Starkes Teil, die Debüt EP von Truth Club aus Raleigh, North Carolina. Indierock der alten Schule mit einem kleinen Spritzer Postcore, der seine Wurzeln klar in den 90ern und frühen 00ern hat. Etwa so als träfen die verschwurbelten Strukturen von Faraquet oder Medications auf die melodischen Slackerhymnen von Archers Of Loaf, Pavement oder frühen Modest Mouse. Aktuell könnte man es auch als eine geringfügig freundlicher klingende, weniger Noise-lastige Version von Pile beschreiben.

Erst Hype Machine. Jetzt The Quietus. Morgen 12XU?

Nee, keine Angst. So schnell geht eure least trusted voice in music nicht unter. Aber um mich herum sehe ich die halbwegs relevanten Blogs und Magazine in beunruhigend hoher Frequenz wegpurzeln. Vorbei sind die Zeiten, in denen es ein fließendes Spektrum gab. Von kleinen, werbefreien Liebhaberblogs wie diesem hier, in die eine gewisse Menge Geld reingesteckt wird ohne dass das Projekt jemals einen Pfennig abwirft. (Nein, ich beschwere mich nicht. Das hab ich selbst so gewählt.) Über mittelgroße Publikationen, die zumindest ihre Kosten decken und evtl einen Nebenverdienst darstellen – bis hin zu den großen (weniger als) 1%, die mindestens eine Person ernähren, manchmal auch mehrere in Voll- oder Teilzeit angestellte Autoren bezahlen können.

Alle drei Gattungen sehe ich derzeit als gefährdet an. Vor allem fällt mir auf, dass die Luft bei den mittelgroßen Projekten echt dünn wird.

Das Problem dahinter ist so alt wie das Web. Wir sind es schon lange nicht mehr gewohnt, für gute Dinge im Web Geld zu bezahlen. Man kann es sich ja nicht mal aussuchen. Ob Facebook, Google, Youtube oder Soundcloud (Bandcamp ist da mal eine lobenswerte Ausnahme…): Alle diese Projekte konnten ihre Marktdominanz nur erreichen, weil sie unentgeltlich (keineswegs kostenlos) zu benutzen sind. Einen bezahlten Dienst anzubieten ist gar keine Option. Man wird immer gegen den Konkurrenten verlieren, der sich durch Werbung oder durch Sammlung und Verkauf von Nutzerdaten finanziert.
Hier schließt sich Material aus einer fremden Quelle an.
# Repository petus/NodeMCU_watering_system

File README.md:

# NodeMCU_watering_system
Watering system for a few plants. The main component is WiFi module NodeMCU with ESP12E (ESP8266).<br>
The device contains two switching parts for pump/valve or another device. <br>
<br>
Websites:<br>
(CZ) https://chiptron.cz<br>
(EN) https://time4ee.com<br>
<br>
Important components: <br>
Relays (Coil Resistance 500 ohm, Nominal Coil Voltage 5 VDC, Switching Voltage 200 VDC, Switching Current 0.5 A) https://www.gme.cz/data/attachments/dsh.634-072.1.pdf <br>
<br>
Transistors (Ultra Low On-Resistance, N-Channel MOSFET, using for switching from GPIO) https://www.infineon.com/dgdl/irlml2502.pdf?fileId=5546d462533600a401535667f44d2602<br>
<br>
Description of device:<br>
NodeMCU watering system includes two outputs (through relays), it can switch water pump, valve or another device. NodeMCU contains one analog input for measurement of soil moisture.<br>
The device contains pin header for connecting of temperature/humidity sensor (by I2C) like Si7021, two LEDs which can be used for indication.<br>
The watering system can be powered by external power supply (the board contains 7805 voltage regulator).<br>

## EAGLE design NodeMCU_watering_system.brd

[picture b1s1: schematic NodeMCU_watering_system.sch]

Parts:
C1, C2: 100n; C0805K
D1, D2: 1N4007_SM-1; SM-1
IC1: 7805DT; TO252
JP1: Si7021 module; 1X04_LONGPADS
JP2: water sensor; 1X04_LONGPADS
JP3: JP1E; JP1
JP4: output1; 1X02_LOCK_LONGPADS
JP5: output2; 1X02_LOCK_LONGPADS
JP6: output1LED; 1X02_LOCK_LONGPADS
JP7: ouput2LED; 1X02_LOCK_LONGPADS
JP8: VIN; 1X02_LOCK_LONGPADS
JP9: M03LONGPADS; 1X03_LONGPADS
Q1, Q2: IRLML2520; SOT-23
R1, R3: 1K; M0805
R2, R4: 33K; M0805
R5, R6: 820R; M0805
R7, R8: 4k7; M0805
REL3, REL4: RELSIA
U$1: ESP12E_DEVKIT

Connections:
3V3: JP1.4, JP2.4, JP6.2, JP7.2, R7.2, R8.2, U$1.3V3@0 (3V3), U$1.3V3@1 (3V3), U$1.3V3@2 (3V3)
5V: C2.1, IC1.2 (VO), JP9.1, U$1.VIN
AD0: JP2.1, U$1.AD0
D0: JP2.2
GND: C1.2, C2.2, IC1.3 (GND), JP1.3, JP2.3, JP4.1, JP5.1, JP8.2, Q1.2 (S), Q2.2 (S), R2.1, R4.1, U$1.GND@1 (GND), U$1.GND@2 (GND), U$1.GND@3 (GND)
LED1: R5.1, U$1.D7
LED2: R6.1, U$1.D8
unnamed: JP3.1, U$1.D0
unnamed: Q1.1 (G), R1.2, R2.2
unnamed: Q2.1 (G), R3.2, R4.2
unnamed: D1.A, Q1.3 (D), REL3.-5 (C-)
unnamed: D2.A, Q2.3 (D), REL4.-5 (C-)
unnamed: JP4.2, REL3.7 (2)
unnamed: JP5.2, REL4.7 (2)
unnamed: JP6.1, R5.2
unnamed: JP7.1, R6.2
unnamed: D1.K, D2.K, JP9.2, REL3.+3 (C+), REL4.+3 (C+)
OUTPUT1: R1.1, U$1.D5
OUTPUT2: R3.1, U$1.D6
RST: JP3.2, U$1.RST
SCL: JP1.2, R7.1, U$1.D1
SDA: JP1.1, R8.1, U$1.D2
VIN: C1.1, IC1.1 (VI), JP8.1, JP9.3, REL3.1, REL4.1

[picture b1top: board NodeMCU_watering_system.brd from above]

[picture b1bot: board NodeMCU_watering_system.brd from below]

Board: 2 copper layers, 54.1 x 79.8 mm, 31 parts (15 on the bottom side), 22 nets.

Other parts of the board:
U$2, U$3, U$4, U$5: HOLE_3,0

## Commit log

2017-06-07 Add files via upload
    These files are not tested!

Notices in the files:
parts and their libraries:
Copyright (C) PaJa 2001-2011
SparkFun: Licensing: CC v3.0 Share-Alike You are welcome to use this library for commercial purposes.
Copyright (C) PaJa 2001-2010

Von Anfang an waren also alle größeren Web-Projekte auf die Finanzierung durch Werbung angewiesen. Ich könnte endlos darüber kotzen, aber das ist die traurige Wahrheit. Und zumindest für ein paar wenige Player hat das Modell funktioniert. Der Haken ist nämlich: von einem kleinen Goldrausch um die erste Dotcom-Blase abgesehen, wirft Werbung gar nicht so viel Profit ab. Man musste als Blog oder Zine auch früher schon eine wuchtige Masse an Lesern erreichen, um davon ernsthaft Gehälter zahlen zu können. Pitchfork kann das. Die digitalen Überbleibsel der alten Musikpresse auch – mit einem brutal geschrumpften Gesamtbudget. Hype Machine und The Quietus dürften da ein ziemlicher Grenzfall sein, aber auch die konnten sich lange Zeit über Wasser halten.

Und jetzt hat’s geknallt. Der digitale Anzeigenmarkt konzentriert sich mehr als je zuvor auf die beiden Web-Giganten Facebook und Google. Die beiden Unternehmen haben einfach die effektivsten Tricks und Methoden, ihre User zum Klick auf eine Anzeige zu manipulieren. Deshalb können sie auch noch vergleichsweise stolze Geldbeträge für ihre Dienstleistungen verlangen. Der Rest des Marktes ist praktisch weggebrochen. Bis zu 90% der Werbeeinnahmen sind vielen mittelgroßen Publikationen verloren gegangen. Und die großen? Vermutlich sind die auch betroffen. Der Verkauf von Pitchfork an Conde Nast ist in diesem Licht vielleicht verständlicher. Die Verantwortlichen haben womöglich schon geahnt, dass ihre Bude langfristig untergeht. Also besser den Krempel verkaufen, so lange er noch etwas wert ist. Für das Mittelfeld stellt sich jetzt die Frage: Auf volle Kanne Ausverkauf setzen? Den Laden dicht machen? Oder die Operation auf ein wirtschaftliches Minimum herunterfahren und auf Finanzierung durch Spenden hoffen? Das perverse an der Situation: Gerade Facebook hat seinen Erfolg überwiegend auf dem Content (argh! Jetzt hab ich das Wort gesagt…) von Fremdpublikationen gebaut.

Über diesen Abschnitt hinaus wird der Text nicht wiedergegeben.